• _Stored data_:

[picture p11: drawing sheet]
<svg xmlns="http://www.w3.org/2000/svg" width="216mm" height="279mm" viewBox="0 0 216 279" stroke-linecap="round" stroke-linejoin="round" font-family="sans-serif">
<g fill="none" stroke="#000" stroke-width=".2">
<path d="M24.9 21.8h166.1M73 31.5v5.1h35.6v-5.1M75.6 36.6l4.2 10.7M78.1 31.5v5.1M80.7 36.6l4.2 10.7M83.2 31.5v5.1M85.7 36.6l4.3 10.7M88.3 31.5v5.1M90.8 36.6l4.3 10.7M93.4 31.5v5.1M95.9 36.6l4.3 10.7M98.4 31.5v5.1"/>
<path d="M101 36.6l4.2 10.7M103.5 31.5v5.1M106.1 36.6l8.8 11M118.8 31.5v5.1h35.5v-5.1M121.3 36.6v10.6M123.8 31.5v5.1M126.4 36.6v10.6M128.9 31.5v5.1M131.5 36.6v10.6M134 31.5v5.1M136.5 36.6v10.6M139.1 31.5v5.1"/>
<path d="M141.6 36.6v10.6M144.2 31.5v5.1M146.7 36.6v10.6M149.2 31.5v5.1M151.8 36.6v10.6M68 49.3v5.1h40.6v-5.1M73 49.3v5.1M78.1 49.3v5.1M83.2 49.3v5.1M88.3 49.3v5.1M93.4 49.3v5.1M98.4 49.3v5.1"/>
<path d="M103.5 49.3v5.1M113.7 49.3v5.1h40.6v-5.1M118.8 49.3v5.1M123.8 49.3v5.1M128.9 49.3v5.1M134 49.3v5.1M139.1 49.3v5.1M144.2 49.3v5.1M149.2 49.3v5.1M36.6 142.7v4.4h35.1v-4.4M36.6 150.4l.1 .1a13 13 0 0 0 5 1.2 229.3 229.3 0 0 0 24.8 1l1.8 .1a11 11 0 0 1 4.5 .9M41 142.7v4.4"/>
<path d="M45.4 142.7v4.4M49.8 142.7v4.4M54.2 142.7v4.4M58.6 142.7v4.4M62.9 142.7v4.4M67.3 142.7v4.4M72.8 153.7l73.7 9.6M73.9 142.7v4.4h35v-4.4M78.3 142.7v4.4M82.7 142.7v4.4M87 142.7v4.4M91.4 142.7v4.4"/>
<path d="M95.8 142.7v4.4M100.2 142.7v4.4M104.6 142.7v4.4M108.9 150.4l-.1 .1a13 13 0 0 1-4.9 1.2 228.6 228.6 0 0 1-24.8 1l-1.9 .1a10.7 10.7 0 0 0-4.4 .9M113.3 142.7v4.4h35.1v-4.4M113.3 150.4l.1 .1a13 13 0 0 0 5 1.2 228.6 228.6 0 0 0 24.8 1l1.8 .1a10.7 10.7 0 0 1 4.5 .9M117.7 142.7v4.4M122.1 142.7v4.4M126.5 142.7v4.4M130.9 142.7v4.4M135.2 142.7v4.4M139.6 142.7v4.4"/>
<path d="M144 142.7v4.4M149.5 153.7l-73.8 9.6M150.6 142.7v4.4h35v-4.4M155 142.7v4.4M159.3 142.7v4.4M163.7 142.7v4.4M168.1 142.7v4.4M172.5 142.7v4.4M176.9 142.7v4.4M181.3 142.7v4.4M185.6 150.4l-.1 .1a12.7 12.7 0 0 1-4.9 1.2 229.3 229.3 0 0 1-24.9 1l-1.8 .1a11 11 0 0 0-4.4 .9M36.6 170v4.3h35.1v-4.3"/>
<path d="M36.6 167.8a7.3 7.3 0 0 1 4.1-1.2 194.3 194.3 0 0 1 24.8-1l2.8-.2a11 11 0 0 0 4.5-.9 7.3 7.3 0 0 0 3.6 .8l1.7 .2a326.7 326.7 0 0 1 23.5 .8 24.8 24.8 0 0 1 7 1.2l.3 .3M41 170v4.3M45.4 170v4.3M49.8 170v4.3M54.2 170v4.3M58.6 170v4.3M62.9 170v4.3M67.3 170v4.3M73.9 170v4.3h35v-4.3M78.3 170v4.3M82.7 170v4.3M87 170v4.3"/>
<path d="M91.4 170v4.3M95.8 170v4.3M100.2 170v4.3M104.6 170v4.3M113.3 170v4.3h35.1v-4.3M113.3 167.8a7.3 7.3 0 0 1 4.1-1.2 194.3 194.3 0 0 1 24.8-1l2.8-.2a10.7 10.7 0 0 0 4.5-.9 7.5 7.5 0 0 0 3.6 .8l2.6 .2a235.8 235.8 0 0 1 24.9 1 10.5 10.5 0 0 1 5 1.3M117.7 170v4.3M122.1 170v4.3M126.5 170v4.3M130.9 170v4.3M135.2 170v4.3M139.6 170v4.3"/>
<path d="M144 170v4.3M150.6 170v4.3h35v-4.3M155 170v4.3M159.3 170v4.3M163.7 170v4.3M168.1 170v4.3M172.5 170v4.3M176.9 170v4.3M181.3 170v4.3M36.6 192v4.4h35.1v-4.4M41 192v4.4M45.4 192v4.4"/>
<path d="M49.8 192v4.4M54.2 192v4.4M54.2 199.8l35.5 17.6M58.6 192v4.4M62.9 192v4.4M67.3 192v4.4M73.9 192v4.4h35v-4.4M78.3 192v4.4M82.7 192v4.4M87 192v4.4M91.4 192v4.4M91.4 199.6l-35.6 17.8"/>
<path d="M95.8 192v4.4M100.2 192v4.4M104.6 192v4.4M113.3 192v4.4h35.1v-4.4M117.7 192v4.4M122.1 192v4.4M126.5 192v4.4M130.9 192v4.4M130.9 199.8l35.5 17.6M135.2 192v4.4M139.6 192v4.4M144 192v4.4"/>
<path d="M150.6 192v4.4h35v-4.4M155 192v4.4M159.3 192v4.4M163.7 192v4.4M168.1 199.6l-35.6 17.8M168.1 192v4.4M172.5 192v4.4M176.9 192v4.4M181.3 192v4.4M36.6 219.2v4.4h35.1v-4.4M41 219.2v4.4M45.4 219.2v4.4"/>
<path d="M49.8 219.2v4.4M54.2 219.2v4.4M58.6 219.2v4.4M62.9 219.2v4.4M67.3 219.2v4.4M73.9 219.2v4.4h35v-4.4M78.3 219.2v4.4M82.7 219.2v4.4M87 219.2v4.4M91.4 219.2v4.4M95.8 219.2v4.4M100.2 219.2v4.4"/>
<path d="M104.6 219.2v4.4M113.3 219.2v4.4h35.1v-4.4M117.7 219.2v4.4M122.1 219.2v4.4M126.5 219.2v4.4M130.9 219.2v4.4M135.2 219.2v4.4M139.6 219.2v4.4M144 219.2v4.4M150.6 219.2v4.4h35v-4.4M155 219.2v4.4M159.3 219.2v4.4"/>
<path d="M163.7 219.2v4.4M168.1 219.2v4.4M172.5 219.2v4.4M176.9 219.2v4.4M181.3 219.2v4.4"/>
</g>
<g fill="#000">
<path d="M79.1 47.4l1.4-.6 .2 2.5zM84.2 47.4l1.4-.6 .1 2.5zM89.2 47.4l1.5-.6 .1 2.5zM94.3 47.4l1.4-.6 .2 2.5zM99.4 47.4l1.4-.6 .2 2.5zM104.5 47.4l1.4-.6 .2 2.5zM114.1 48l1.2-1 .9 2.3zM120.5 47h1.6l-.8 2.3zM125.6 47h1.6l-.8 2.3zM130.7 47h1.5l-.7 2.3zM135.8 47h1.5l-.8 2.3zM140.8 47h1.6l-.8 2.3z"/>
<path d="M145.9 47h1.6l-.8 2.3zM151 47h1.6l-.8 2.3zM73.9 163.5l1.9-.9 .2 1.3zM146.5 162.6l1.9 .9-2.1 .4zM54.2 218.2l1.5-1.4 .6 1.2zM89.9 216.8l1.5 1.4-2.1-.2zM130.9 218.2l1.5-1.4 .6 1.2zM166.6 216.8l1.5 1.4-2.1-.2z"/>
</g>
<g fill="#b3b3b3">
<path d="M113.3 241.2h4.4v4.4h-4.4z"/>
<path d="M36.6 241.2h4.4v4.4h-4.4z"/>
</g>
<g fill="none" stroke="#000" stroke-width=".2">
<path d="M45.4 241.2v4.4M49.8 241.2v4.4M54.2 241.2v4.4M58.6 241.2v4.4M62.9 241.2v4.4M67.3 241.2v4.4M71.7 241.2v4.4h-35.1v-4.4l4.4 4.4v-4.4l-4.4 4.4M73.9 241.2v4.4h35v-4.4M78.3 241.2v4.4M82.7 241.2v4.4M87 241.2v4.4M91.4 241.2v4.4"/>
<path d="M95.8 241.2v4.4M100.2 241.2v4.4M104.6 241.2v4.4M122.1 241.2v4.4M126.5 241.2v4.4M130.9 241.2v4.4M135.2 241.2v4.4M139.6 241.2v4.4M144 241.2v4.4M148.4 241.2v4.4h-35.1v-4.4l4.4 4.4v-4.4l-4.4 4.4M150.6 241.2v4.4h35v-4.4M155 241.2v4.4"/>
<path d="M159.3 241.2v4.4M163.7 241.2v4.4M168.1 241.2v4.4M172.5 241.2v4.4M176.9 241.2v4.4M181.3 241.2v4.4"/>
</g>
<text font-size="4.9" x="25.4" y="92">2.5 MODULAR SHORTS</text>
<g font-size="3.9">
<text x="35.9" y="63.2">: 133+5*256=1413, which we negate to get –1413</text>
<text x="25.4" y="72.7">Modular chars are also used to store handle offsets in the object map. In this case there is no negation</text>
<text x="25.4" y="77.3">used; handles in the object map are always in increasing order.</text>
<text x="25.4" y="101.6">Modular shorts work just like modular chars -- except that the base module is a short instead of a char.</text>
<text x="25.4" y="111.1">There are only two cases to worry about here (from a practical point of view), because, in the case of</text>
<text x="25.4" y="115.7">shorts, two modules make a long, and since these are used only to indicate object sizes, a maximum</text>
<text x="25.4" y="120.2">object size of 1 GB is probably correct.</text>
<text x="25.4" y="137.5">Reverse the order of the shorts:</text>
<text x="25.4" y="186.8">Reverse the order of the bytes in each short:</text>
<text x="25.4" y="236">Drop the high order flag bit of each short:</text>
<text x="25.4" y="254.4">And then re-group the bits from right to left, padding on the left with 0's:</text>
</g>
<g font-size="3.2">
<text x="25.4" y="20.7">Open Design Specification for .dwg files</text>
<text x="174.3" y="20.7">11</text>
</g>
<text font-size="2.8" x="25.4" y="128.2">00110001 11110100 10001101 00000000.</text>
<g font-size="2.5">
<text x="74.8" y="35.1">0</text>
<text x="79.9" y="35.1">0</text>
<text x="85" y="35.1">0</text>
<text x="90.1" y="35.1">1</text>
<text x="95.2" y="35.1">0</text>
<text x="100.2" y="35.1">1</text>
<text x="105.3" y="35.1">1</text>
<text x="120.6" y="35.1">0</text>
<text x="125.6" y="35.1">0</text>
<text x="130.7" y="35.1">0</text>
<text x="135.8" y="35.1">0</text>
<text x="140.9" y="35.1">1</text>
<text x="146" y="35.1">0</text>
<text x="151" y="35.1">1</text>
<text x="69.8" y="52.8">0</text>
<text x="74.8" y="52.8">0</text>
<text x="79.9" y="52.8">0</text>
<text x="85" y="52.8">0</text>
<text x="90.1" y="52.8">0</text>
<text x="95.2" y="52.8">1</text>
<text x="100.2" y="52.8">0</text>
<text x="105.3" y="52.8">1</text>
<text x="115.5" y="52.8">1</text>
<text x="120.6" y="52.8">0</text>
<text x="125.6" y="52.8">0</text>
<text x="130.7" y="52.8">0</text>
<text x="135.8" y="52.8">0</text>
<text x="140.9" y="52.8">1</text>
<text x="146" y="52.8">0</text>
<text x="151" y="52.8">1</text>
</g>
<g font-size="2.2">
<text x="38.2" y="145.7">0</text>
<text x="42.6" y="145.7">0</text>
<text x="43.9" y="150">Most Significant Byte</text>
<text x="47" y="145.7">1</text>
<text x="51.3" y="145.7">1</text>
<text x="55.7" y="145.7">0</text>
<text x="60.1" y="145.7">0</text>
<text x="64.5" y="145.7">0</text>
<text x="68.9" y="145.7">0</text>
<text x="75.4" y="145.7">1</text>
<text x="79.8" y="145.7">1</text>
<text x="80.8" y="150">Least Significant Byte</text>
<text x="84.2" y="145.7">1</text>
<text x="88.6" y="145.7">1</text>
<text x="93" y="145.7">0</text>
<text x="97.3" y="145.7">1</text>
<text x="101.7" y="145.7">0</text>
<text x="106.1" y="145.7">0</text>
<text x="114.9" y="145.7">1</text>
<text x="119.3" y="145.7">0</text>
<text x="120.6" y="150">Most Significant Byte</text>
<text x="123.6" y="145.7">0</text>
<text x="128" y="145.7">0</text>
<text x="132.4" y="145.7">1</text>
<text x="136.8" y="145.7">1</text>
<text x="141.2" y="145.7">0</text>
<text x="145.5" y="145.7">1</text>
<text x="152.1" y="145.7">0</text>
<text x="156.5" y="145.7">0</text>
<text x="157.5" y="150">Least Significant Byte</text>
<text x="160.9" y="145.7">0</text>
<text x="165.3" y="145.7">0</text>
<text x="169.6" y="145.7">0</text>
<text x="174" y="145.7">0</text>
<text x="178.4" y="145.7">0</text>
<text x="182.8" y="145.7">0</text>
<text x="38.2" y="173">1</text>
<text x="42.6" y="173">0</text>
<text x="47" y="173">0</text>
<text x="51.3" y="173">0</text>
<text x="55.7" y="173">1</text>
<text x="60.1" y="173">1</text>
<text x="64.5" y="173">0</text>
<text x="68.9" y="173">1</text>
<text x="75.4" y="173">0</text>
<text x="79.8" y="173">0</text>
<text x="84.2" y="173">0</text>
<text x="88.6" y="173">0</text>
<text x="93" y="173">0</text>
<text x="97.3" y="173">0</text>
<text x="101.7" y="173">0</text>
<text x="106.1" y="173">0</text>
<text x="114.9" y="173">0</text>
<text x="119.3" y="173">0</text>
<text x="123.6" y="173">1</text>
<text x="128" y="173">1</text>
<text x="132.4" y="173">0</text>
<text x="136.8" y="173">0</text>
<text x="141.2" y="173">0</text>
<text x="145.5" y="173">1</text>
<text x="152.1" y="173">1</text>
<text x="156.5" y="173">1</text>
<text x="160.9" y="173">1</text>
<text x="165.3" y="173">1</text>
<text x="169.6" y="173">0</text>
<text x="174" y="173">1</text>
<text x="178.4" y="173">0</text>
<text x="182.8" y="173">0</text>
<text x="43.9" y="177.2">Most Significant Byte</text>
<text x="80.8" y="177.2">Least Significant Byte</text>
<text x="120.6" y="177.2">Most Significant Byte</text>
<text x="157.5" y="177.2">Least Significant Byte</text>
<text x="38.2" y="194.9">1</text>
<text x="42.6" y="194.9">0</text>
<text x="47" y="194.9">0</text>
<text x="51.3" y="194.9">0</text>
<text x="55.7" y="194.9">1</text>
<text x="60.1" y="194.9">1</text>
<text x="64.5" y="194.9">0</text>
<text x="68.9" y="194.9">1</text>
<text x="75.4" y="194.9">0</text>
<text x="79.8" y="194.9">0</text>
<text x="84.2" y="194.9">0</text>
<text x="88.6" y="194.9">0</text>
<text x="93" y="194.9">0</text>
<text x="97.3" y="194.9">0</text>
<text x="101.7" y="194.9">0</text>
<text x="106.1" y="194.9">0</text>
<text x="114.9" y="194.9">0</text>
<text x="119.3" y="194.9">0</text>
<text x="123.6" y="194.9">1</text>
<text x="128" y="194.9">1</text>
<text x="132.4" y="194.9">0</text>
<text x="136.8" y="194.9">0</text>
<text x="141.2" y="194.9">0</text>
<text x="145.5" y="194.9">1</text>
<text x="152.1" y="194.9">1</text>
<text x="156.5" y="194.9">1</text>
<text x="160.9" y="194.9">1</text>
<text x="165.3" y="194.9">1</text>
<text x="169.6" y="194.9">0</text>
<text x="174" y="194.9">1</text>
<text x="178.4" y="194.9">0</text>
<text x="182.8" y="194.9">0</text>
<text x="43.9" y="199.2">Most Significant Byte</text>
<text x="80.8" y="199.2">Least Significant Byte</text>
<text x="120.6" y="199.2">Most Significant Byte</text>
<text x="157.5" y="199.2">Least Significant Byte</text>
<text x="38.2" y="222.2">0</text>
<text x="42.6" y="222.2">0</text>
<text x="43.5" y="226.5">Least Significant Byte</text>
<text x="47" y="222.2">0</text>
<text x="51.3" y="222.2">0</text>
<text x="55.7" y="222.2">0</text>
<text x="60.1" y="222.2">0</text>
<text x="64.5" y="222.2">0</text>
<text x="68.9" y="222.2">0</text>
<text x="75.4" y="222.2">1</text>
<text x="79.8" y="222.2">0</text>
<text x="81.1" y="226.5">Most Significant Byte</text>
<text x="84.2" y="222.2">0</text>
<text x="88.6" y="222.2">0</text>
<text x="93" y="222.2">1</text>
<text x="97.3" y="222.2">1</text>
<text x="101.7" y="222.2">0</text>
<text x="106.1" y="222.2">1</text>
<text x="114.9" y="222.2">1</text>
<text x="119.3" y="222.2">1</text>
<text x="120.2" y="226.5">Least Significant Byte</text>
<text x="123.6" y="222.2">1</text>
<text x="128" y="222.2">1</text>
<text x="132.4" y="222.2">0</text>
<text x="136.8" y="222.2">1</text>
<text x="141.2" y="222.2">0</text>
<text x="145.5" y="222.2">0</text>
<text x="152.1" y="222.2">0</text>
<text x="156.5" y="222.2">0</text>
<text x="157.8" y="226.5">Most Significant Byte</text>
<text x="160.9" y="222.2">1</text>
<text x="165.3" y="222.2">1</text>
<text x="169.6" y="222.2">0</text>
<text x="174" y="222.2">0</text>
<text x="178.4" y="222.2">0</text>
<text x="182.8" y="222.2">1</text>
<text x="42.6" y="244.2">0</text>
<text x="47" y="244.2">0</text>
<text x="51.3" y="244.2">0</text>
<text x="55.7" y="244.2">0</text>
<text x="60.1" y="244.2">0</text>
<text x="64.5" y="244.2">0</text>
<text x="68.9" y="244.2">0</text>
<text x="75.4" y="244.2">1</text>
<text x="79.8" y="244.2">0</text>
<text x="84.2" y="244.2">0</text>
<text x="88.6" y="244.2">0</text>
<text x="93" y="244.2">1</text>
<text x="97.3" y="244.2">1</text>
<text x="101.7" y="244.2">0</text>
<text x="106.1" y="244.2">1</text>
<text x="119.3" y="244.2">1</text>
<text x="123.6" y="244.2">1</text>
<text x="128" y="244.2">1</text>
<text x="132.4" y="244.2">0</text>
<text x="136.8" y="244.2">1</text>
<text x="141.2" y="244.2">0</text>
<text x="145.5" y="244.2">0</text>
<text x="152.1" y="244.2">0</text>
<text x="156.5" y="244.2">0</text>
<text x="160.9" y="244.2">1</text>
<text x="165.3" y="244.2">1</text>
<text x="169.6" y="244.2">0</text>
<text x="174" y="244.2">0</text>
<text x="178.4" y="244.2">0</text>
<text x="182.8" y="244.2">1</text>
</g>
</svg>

• _Required work_: Your task is to restate, word for word, the lines from the beginning of the records to the line with "0 1 24.8-1l2.8-.2a11", inclusive.

• _Answer to this problem_:
[picture p11: drawing sheet]
<svg xmlns="http://www.w3.org/2000/svg" width="216mm" height="279mm" viewBox="0 0 216 279" stroke-linecap="round" stroke-linejoin="round" font-family="sans-serif">
<g fill="none" stroke="#000" stroke-width=".2">
<path d="M24.9 21.8h166.1M73 31.5v5.1h35.6v-5.1M75.6 36.6l4.2 10.7M78.1 31.5v5.1M80.7 36.6l4.2 10.7M83.2 31.5v5.1M85.7 36.6l4.3 10.7M88.3 31.5v5.1M90.8 36.6l4.3 10.7M93.4 31.5v5.1M95.9 36.6l4.3 10.7M98.4 31.5v5.1"/>
<path d="M101 36.6l4.2 10.7M103.5 31.5v5.1M106.1 36.6l8.8 11M118.8 31.5v5.1h35.5v-5.1M121.3 36.6v10.6M123.8 31.5v5.1M126.4 36.6v10.6M128.9 31.5v5.1M131.5 36.6v10.6M134 31.5v5.1M136.5 36.6v10.6M139.1 31.5v5.1"/>
<path d="M141.6 36.6v10.6M144.2 31.5v5.1M146.7 36.6v10.6M149.2 31.5v5.1M151.8 36.6v10.6M68 49.3v5.1h40.6v-5.1M73 49.3v5.1M78.1 49.3v5.1M83.2 49.3v5.1M88.3 49.3v5.1M93.4 49.3v5.1M98.4 49.3v5.1"/>
<path d="M103.5 49.3v5.1M113.7 49.3v5.1h40.6v-5.1M118.8 49.3v5.1M123.8 49.3v5.1M128.9 49.3v5.1M134 49.3v5.1M139.1 49.3v5.1M144.2 49.3v5.1M149.2 49.3v5.1M36.6 142.7v4.4h35.1v-4.4M36.6 150.4l.1 .1a13 13 0 0 0 5 1.2 229.3 229.3 0 0 0 24.8 1l1.8 .1a11 11 0 0 1 4.5 .9M41 142.7v4.4"/>
<path d="M45.4 142.7v4.4M49.8 142.7v4.4M54.2 142.7v4.4M58.6 142.7v4.4M62.9 142.7v4.4M67.3 142.7v4.4M72.8 153.7l73.7 9.6M73.9 142.7v4.4h35v-4.4M78.3 142.7v4.4M82.7 142.7v4.4M87 142.7v4.4M91.4 142.7v4.4"/>
<path d="M95.8 142.7v4.4M100.2 142.7v4.4M104.6 142.7v4.4M108.9 150.4l-.1 .1a13 13 0 0 1-4.9 1.2 228.6 228.6 0 0 1-24.8 1l-1.9 .1a10.7 10.7 0 0 0-4.4 .9M113.3 142.7v4.4h35.1v-4.4M113.3 150.4l.1 .1a13 13 0 0 0 5 1.2 228.6 228.6 0 0 0 24.8 1l1.8 .1a10.7 10.7 0 0 1 4.5 .9M117.7 142.7v4.4M122.1 142.7v4.4M126.5 142.7v4.4M130.9 142.7v4.4M135.2 142.7v4.4M139.6 142.7v4.4"/>
<path d="M144 142.7v4.4M149.5 153.7l-73.8 9.6M150.6 142.7v4.4h35v-4.4M155 142.7v4.4M159.3 142.7v4.4M163.7 142.7v4.4M168.1 142.7v4.4M172.5 142.7v4.4M176.9 142.7v4.4M181.3 142.7v4.4M185.6 150.4l-.1 .1a12.7 12.7 0 0 1-4.9 1.2 229.3 229.3 0 0 1-24.9 1l-1.8 .1a11 11 0 0 0-4.4 .9M36.6 170v4.3h35.1v-4.3"/>
<path d="M36.6 167.8a7.3 7.3 0 0 1 4.1-1.2 194.3 194.3 0 0 1 24.8-1l2.8-.2a11 11 0 0 0 4.5-.9 7.3 7.3 0 0 0 3.6 .8l1.7 .2a326.7 326.7 0 0 1 23.5 .8 24.8 24.8 0 0 1 7 1.2l.3 .3M41 170v4.3M45.4 170v4.3M49.8 170v4.3M54.2 170v4.3M58.6 170v4.3M62.9 170v4.3M67.3 170v4.3M73.9 170v4.3h35v-4.3M78.3 170v4.3M82.7 170v4.3M87 170v4.3"/>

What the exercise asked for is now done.